## Required action
Could you print exactly the lines of the listing below, starting at the line that has "#18809 = EDGE_CURVE" and ending at the line that has "#26487 = LINE ( 'NONE', #8028, #8595 ) ;", and only those lines?

## Raw data
((

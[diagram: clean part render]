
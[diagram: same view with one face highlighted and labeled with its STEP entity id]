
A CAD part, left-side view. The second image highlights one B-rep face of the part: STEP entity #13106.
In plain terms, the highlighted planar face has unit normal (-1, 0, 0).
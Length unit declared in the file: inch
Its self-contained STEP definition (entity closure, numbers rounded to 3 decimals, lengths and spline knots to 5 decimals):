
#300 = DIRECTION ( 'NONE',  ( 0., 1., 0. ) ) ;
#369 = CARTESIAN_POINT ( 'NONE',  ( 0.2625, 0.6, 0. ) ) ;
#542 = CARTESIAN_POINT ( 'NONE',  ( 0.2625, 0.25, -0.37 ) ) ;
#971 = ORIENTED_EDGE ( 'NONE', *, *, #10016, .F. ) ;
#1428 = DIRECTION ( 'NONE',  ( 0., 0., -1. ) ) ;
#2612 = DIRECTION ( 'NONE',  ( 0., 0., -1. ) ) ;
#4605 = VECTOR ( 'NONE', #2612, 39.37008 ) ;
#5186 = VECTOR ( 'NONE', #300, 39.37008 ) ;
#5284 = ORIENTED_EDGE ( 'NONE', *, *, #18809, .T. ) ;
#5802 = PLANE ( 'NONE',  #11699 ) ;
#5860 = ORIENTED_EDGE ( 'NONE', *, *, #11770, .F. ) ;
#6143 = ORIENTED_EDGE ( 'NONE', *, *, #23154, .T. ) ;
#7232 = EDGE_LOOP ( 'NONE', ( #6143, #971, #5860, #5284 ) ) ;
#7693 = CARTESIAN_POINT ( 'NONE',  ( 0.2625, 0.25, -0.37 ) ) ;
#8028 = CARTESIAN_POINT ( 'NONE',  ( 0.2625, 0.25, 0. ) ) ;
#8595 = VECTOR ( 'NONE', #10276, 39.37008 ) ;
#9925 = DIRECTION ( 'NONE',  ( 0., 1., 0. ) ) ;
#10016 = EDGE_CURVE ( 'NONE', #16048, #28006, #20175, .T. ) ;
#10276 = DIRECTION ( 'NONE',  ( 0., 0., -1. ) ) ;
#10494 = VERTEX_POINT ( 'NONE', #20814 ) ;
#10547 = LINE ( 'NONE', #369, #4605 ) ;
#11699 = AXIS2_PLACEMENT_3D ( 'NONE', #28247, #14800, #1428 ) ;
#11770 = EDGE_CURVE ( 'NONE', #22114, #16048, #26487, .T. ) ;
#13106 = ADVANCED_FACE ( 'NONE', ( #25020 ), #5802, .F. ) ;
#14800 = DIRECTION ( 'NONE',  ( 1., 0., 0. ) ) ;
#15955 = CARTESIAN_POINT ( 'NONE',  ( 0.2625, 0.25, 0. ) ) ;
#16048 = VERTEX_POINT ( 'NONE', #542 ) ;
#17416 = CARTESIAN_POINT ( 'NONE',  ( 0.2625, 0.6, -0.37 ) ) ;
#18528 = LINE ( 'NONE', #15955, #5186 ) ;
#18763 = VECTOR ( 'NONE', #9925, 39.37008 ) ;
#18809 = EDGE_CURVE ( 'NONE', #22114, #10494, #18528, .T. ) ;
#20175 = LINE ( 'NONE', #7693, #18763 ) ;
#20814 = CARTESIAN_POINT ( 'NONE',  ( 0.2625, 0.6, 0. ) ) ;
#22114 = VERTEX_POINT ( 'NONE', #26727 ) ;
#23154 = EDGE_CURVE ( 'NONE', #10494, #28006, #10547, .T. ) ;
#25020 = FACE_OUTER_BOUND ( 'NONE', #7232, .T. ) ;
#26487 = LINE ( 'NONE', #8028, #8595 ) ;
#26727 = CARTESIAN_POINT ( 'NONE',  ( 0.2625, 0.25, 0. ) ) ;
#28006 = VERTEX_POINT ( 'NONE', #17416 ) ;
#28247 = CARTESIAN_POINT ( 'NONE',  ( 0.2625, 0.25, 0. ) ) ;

))

## Written solution
#18809 = EDGE_CURVE ( 'NONE', #22114, #10494, #18528, .T. ) ;
#20175 = LINE ( 'NONE', #7693, #18763 ) ;
#20814 = CARTESIAN_POINT ( 'NONE',  ( 0.2625, 0.6, 0. ) ) ;
#22114 = VERTEX_POINT ( 'NONE', #26727 ) ;
#23154 = EDGE_CURVE ( 'NONE', #10494, #28006, #10547, .T. ) ;
#25020 = FACE_OUTER_BOUND ( 'NONE', #7232, .T. ) ;
#26487 = LINE ( 'NONE', #8028, #8595 ) ;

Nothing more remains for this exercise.